Symmetry of a ratio of two random variables My question is whether the fact that two random variables, X and Y, are symmetrically distributed implies that their ratio, Z=X/Y, is symmetrically distributed too. 
 A: If values of $X$ and $Y$ are allowed to be negative, zero or positive, then quite a range of behaviour is possible, some perverse. Whether the variables are independent or correlated is crucial. 
It is better to say what else is true, for cases you care about. 
Although there are exceptions, ratios make sense mostly when both components are positive, or at least the denominator. Characteristically ratios are then (possibly highly) skewed in distribution, but their logarithms behave better. Hand waving underlines that when both values are positive, $X < Y$ implies a ratio between 0 and 1, $X = Y$ a ratio of 1 and $X > Y$ a ratio greater than 1 without definite upper limit, so in combination skewness is likely. 
The easiest way to explore this is to simulate from plausible distributions for each variable, either independently (very easy) or with a stated correlation (may be trickier). 
A: No, not in general. 
Consider X,Y both uniform on (0,1). Their ratio is not symmetric; it's heavily right skew. [However in this particular example the log of their ratio is symmetric.]

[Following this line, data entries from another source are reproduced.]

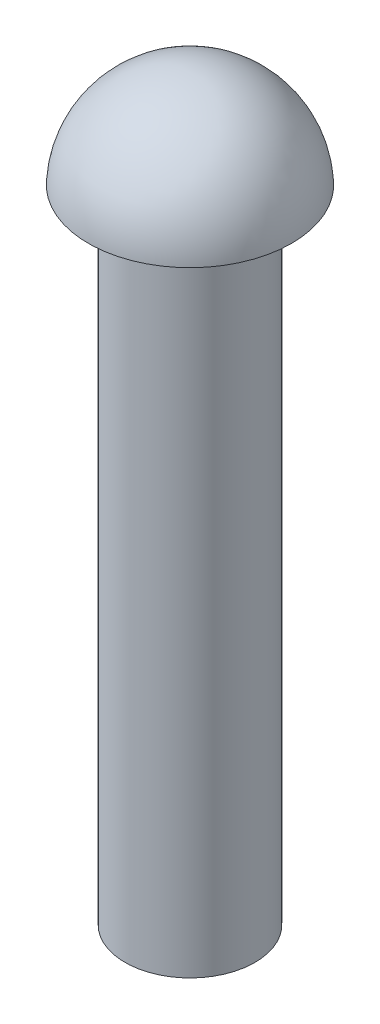
ISO-10303-21;
HEADER;
FILE_DESCRIPTION(('STEP AP214'),'2;1');
FILE_NAME('part.step','',(''),(''),'','','');
FILE_SCHEMA(('AUTOMOTIVE_DESIGN { 1 0 10303 214 1 1 1 1 }'));
ENDSEC;
DATA;
#1=APPLICATION_CONTEXT('core data for automotive mechanical design processes');
#2=APPLICATION_PROTOCOL_DEFINITION('international standard','automotive_design',2000,#1);
#3=PRODUCT_CONTEXT('',#1,'mechanical');
#4=PRODUCT('Part','Part','',(#3));
#5=PRODUCT_RELATED_PRODUCT_CATEGORY('part','',(#4));
#6=PRODUCT_DEFINITION_FORMATION('','',#4);
#7=PRODUCT_DEFINITION_CONTEXT('part definition',#1,'design');
#8=PRODUCT_DEFINITION('design','',#6,#7);
#9=PRODUCT_DEFINITION_SHAPE('','',#8);
#10=(LENGTH_UNIT() NAMED_UNIT(*) SI_UNIT(.MILLI.,.METRE.));
#11=(NAMED_UNIT(*) PLANE_ANGLE_UNIT() SI_UNIT($,.RADIAN.));
#12=(NAMED_UNIT(*) SI_UNIT($,.STERADIAN.) SOLID_ANGLE_UNIT());
#13=UNCERTAINTY_MEASURE_WITH_UNIT(LENGTH_MEASURE(1.E-05),#10,'distance_accuracy_value','');
#14=(GEOMETRIC_REPRESENTATION_CONTEXT(3) GLOBAL_UNCERTAINTY_ASSIGNED_CONTEXT((#13)) GLOBAL_UNIT_ASSIGNED_CONTEXT((#10,
#11,#12)) REPRESENTATION_CONTEXT('',''));
#15=CARTESIAN_POINT('',(0.,0.,0.));
#16=DIRECTION('',(0.,0.,1.));
#17=DIRECTION('',(1.,0.,0.));
#18=AXIS2_PLACEMENT_3D('',#15,#16,#17);
#19=CARTESIAN_POINT('',(0.,0.,0.));
#20=DIRECTION('',(0.,-1.,0.));
#21=DIRECTION('',(0.,0.,-1.));
#22=AXIS2_PLACEMENT_3D('',#19,#20,#21);
#23=PLANE('',#22);
#24=CARTESIAN_POINT('',(0.,0.,0.));
#25=DIRECTION('',(0.,-1.,0.));
#26=DIRECTION('',(0.,0.,-1.));
#27=AXIS2_PLACEMENT_3D('',#24,#25,#26);
#28=CIRCLE('',#27,3.8608);
#29=CARTESIAN_POINT('',(0.,0.,-3.8608));
#30=VERTEX_POINT('',#29);
#31=EDGE_CURVE('E10',#30,#30,#28,.T.);
#32=ORIENTED_EDGE('',*,*,#31,.T.);
#33=EDGE_LOOP('',(#32));
#34=FACE_BOUND('',#33,.T.);
#35=ADVANCED_FACE('F41',(#34),#23,.T.);
#36=CARTESIAN_POINT('',(0.,0.,0.));
#37=DIRECTION('',(0.,-1.,0.));
#38=DIRECTION('',(0.,0.,-1.));
#39=AXIS2_PLACEMENT_3D('',#36,#37,#38);
#40=CYLINDRICAL_SURFACE('',#39,3.8608);
#41=CARTESIAN_POINT('',(0.,38.1,0.));
#42=DIRECTION('',(0.,-1.,0.));
#43=DIRECTION('',(0.,0.,-1.));
#44=AXIS2_PLACEMENT_3D('',#41,#42,#43);
#45=CIRCLE('',#44,3.8608);
#46=CARTESIAN_POINT('',(0.,38.1,-3.8608));
#47=VERTEX_POINT('',#46);
#48=EDGE_CURVE('E48',#47,#47,#45,.T.);
#49=ORIENTED_EDGE('',*,*,#48,.T.);
#50=EDGE_LOOP('',(#49));
#51=FACE_BOUND('',#50,.T.);
#52=ORIENTED_EDGE('',*,*,#31,.F.);
#53=EDGE_LOOP('',(#52));
#54=FACE_BOUND('',#53,.T.);
#55=ADVANCED_FACE('F70',(#51,#54),#40,.T.);
#56=CARTESIAN_POINT('',(3.8608,38.1,0.));
#57=DIRECTION('',(0.,-1.,0.));
#58=DIRECTION('',(0.,0.,-1.));
#59=AXIS2_PLACEMENT_3D('',#56,#57,#58);
#60=PLANE('',#59);
#61=CARTESIAN_POINT('',(0.,38.1,0.));
#62=DIRECTION('',(0.,-1.,0.));
#63=DIRECTION('',(0.,0.,-1.));
#64=AXIS2_PLACEMENT_3D('',#61,#62,#63);
#65=CIRCLE('',#64,6.03986150834603);
#66=CARTESIAN_POINT('',(0.,38.1,-6.03986150834603));
#67=VERTEX_POINT('',#66);
#68=EDGE_CURVE('E53',#67,#67,#65,.T.);
#69=ORIENTED_EDGE('',*,*,#68,.T.);
#70=EDGE_LOOP('',(#69));
#71=FACE_BOUND('',#70,.T.);
#72=ORIENTED_EDGE('',*,*,#48,.F.);
#73=EDGE_LOOP('',(#72));
#74=FACE_BOUND('',#73,.T.);
#75=ADVANCED_FACE('F61',(#71,#74),#60,.T.);
#76=CARTESIAN_POINT('',(0.,37.846,0.));
#77=DIRECTION('',(0.,-1.,0.));
#78=DIRECTION('',(1.,0.,0.));
#79=AXIS2_PLACEMENT_3D('',#76,#77,#78);
#80=SPHERICAL_SURFACE('',#79,6.0452);
#81=ORIENTED_EDGE('',*,*,#68,.F.);
#82=EDGE_LOOP('',(#81));
#83=FACE_BOUND('',#82,.T.);
#84=ADVANCED_FACE('F64',(#83),#80,.T.);
#85=CLOSED_SHELL('',(#35,#55,#75,#84));
#86=MANIFOLD_SOLID_BREP('B2',#85);
#87=ADVANCED_BREP_SHAPE_REPRESENTATION('',(#18,#86),#14);
#88=SHAPE_DEFINITION_REPRESENTATION(#9,#87);
ENDSEC;
END-ISO-10303-21;

What examples did you try? Note that even if you can't do the algebra, simulation is a straightforward way to find counterexamples. Here's a histogram of the ratio of two standard uniforms:

The upper tail is much longer (the largest ratio in my sample exceeds 8000); I cut the upper tail off (about 1.6% of the sample) so you could see some detail of the shape of the main part of the distribution.
The following R code will generate a plot like that:
ratio=runif(10000)/runif(10000)
hist(ratio[ratio<30],n=300,freq=FALSE)

A: If by symmetrically distributed you mean that their distributions are symmetric around zero, then the answer is no in general, unless they are independent. For instance, take $X=Y$.